PASS. Hawaiian Electric is the primary provider of electricity in Hawaii, serving 95% of the population. HE currently faces bankruptcy risk due to causing a major wildfire incident in Maui with share prices down approximately 75%. Legal action has ensued, with HE facing lawsuits from the families of the nearly 100 individuals who perished, as well as for the significant property damage caused. HE’s market valuation hovers around $1 billion, contingent upon the resolution of these claims, which may amount to as much as $6-7 billion against net assets valued between $4 – $5 billion. Given the extent of negative publicity and ill will, we believe that claims will reach these higher estimates. Despite the slight possibility that not all fires were directly attributable to Hawaiian Electric, its current market price is too high to warrant even a speculative investment position.
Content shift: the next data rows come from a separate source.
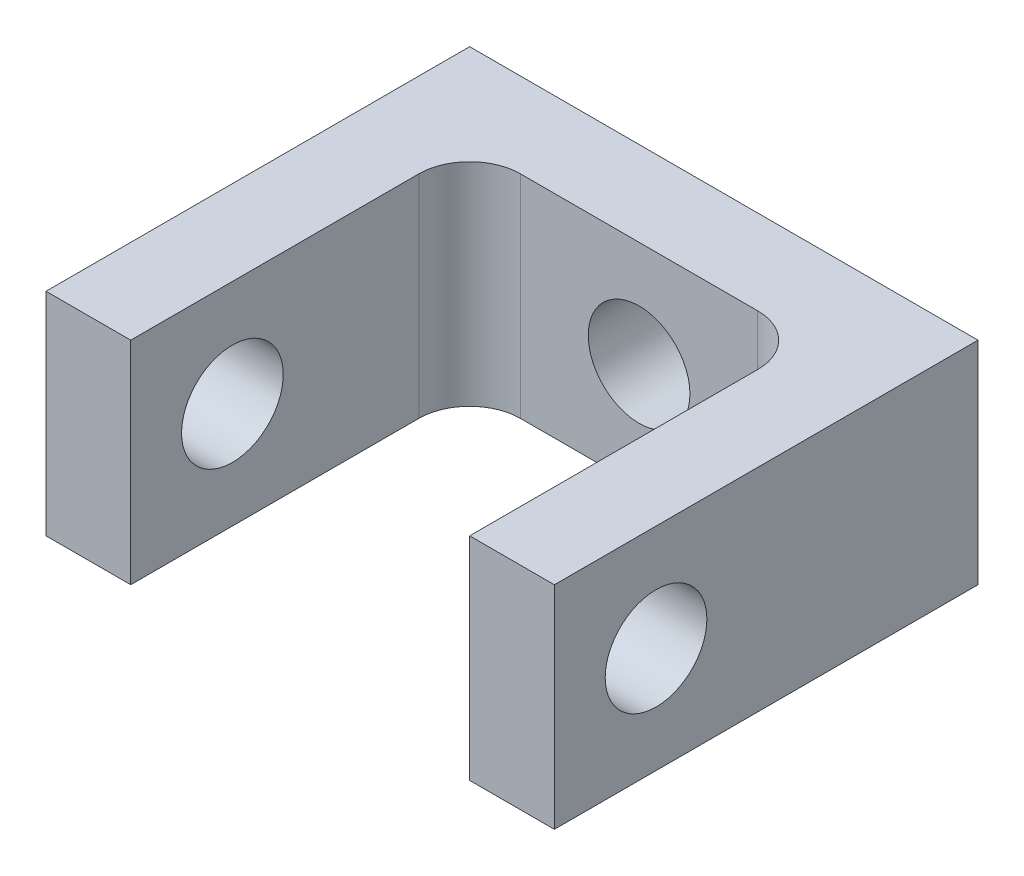
ISO-10303-21;
HEADER;
FILE_DESCRIPTION(('STEP AP214'),'2;1');
FILE_NAME('part.step','',(''),(''),'','','');
FILE_SCHEMA(('AUTOMOTIVE_DESIGN { 1 0 10303 214 1 1 1 1 }'));
ENDSEC;
DATA;
#1=APPLICATION_CONTEXT('core data for automotive mechanical design processes');
#2=APPLICATION_PROTOCOL_DEFINITION('international standard','automotive_design',2000,#1);
#3=PRODUCT_CONTEXT('',#1,'mechanical');
#4=PRODUCT('Part','Part','',(#3));
#5=PRODUCT_RELATED_PRODUCT_CATEGORY('part','',(#4));
#6=PRODUCT_DEFINITION_FORMATION('','',#4);
#7=PRODUCT_DEFINITION_CONTEXT('part definition',#1,'design');
#8=PRODUCT_DEFINITION('design','',#6,#7);
#9=PRODUCT_DEFINITION_SHAPE('','',#8);
#10=(LENGTH_UNIT() NAMED_UNIT(*) SI_UNIT(.MILLI.,.METRE.));
#11=(NAMED_UNIT(*) PLANE_ANGLE_UNIT() SI_UNIT($,.RADIAN.));
#12=(NAMED_UNIT(*) SI_UNIT($,.STERADIAN.) SOLID_ANGLE_UNIT());
#13=UNCERTAINTY_MEASURE_WITH_UNIT(LENGTH_MEASURE(1.E-05),#10,'distance_accuracy_value','');
#14=(GEOMETRIC_REPRESENTATION_CONTEXT(3) GLOBAL_UNCERTAINTY_ASSIGNED_CONTEXT((#13)) GLOBAL_UNIT_ASSIGNED_CONTEXT((#10,
#11,#12)) REPRESENTATION_CONTEXT('',''));
#15=CARTESIAN_POINT('',(0.,0.,0.));
#16=DIRECTION('',(0.,0.,1.));
#17=DIRECTION('',(1.,0.,0.));
#18=AXIS2_PLACEMENT_3D('',#15,#16,#17);
#19=CARTESIAN_POINT('',(0.,0.,10.));
#20=DIRECTION('',(0.,0.,-1.));
#21=DIRECTION('',(-1.,0.,0.));
#22=AXIS2_PLACEMENT_3D('',#19,#20,#21);
#23=PLANE('',#22);
#24=CARTESIAN_POINT('',(0.,0.,10.));
#25=DIRECTION('',(0.,0.,1.));
#26=DIRECTION('',(1.,0.,0.));
#27=AXIS2_PLACEMENT_3D('',#24,#25,#26);
#28=CIRCLE('',#27,6.);
#29=CARTESIAN_POINT('',(6.,0.,10.));
#30=VERTEX_POINT('',#29);
#31=EDGE_CURVE('E166',#30,#30,#28,.T.);
#32=ORIENTED_EDGE('',*,*,#31,.F.);
#33=EDGE_LOOP('',(#32));
#34=FACE_BOUND('',#33,.T.);
#35=DIRECTION('',(1.,0.,0.));
#36=VECTOR('',#35,1.);
#37=CARTESIAN_POINT('',(30.,-12.5,10.));
#38=LINE('',#37,#36);
#39=CARTESIAN_POINT('',(-14.,-12.5,10.));
#40=VERTEX_POINT('',#39);
#41=CARTESIAN_POINT('',(14.,-12.5,10.));
#42=VERTEX_POINT('',#41);
#43=EDGE_CURVE('E172',#40,#42,#38,.T.);
#44=ORIENTED_EDGE('',*,*,#43,.T.);
#45=DIRECTION('',(0.,-1.,0.));
#46=VECTOR('',#45,1.);
#47=CARTESIAN_POINT('',(14.,12.5,10.));
#48=LINE('',#47,#46);
#49=CARTESIAN_POINT('',(14.,12.5,10.));
#50=VERTEX_POINT('',#49);
#51=EDGE_CURVE('E196',#42,#50,#48,.F.);
#52=ORIENTED_EDGE('',*,*,#51,.T.);
#53=DIRECTION('',(-1.,0.,0.));
#54=VECTOR('',#53,1.);
#55=CARTESIAN_POINT('',(30.,12.5,10.));
#56=LINE('',#55,#54);
#57=CARTESIAN_POINT('',(-14.,12.5,10.));
#58=VERTEX_POINT('',#57);
#59=EDGE_CURVE('E175',#50,#58,#56,.T.);
#60=ORIENTED_EDGE('',*,*,#59,.T.);
#61=DIRECTION('',(0.,1.,0.));
#62=VECTOR('',#61,1.);
#63=CARTESIAN_POINT('',(-14.,-12.5,10.));
#64=LINE('',#63,#62);
#65=EDGE_CURVE('E194',#58,#40,#64,.F.);
#66=ORIENTED_EDGE('',*,*,#65,.T.);
#67=EDGE_LOOP('',(#44,#52,#60,#66));
#68=FACE_BOUND('',#67,.T.);
#69=ADVANCED_FACE('F33',(#34,#68),#23,.F.);
#70=CARTESIAN_POINT('',(0.,0.,0.));
#71=DIRECTION('',(0.,0.,-1.));
#72=DIRECTION('',(-1.,0.,0.));
#73=AXIS2_PLACEMENT_3D('',#70,#71,#72);
#74=PLANE('',#73);
#75=DIRECTION('',(0.,-1.,0.));
#76=VECTOR('',#75,1.);
#77=CARTESIAN_POINT('',(-30.,12.5,0.));
#78=LINE('',#77,#76);
#79=CARTESIAN_POINT('',(-30.,12.5,0.));
#80=VERTEX_POINT('',#79);
#81=CARTESIAN_POINT('',(-30.,-12.5,0.));
#82=VERTEX_POINT('',#81);
#83=EDGE_CURVE('E169',#80,#82,#78,.T.);
#84=ORIENTED_EDGE('',*,*,#83,.F.);
#85=DIRECTION('',(-1.,0.,0.));
#86=VECTOR('',#85,1.);
#87=CARTESIAN_POINT('',(30.,12.5,0.));
#88=LINE('',#87,#86);
#89=CARTESIAN_POINT('',(30.,12.5,0.));
#90=VERTEX_POINT('',#89);
#91=EDGE_CURVE('E176',#90,#80,#88,.T.);
#92=ORIENTED_EDGE('',*,*,#91,.F.);
#93=DIRECTION('',(0.,1.,0.));
#94=VECTOR('',#93,1.);
#95=CARTESIAN_POINT('',(30.,12.5,0.));
#96=LINE('',#95,#94);
#97=CARTESIAN_POINT('',(30.,-12.5,0.));
#98=VERTEX_POINT('',#97);
#99=EDGE_CURVE('E118',#98,#90,#96,.T.);
#100=ORIENTED_EDGE('',*,*,#99,.F.);
#101=DIRECTION('',(1.,0.,0.));
#102=VECTOR('',#101,1.);
#103=CARTESIAN_POINT('',(30.,-12.5,0.));
#104=LINE('',#103,#102);
#105=EDGE_CURVE('E181',#82,#98,#104,.T.);
#106=ORIENTED_EDGE('',*,*,#105,.F.);
#107=EDGE_LOOP('',(#84,#92,#100,#106));
#108=FACE_BOUND('',#107,.T.);
#109=CARTESIAN_POINT('',(0.,0.,0.));
#110=DIRECTION('',(0.,0.,1.));
#111=DIRECTION('',(1.,0.,0.));
#112=AXIS2_PLACEMENT_3D('',#109,#110,#111);
#113=CIRCLE('',#112,6.);
#114=CARTESIAN_POINT('',(6.,0.,0.));
#115=VERTEX_POINT('',#114);
#116=EDGE_CURVE('E165',#115,#115,#113,.T.);
#117=ORIENTED_EDGE('',*,*,#116,.T.);
#118=EDGE_LOOP('',(#117));
#119=FACE_BOUND('',#118,.T.);
#120=ADVANCED_FACE('F222',(#108,#119),#74,.T.);
#121=CARTESIAN_POINT('',(-30.,12.5,10.));
#122=DIRECTION('',(1.,0.,0.));
#123=DIRECTION('',(0.,1.,0.));
#124=AXIS2_PLACEMENT_3D('',#121,#122,#123);
#125=PLANE('',#124);
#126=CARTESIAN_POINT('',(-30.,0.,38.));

Gencor Industries (NYSE:GENC) — mrkt cap $250mm; Price $16.75; EV/EBITDA 8

MORE RESEARCH NEEDED. Gencor Industries is a leading manufacturer of machinery used in the production of highway construction materials. The company’s core products include hot-mix asphalt plants, soil remediation plants and combustion systems. Its backlog has increased by 50% yoy from strong demand due to road work driven by the IIJA. Although trends seem favorable, more research needs to be done to evaluate supply chain risks and the scalability of the business given its complex and custom product offerings.

Intellicheck Inc (NAS:IDN) — mrkt cap $66mm; Price $3.39; EV/EBITDA NA

PASS. IDN provides digital and physical identity validation solutions for various sectors including financial services, retail, and law enforcement. Around 2018, when CEO Bryan Lewis took the helm, the company drastically shifted their go-to-market strategy away from selling to bars and liquor shops. Competitors generally have an increased suite of security offerings, but Intellicheck’s competitive advantage appears to be an industry-leading fraud detection rate of 99.9%. More work needs to be done on why this cannot be replicated, but it appears they have long-standing relationships with state authorities and have a unique understanding of barcode formats. The company is close to cash-flow neutral and has recently undergone widescale changes to its sales force. Although there are definitely areas of the tech we like, this appears to be a company that is experiencing a high degree of flux regarding its operations and the efficacy of its sales strategy. We will wait for more clarity before proceeding.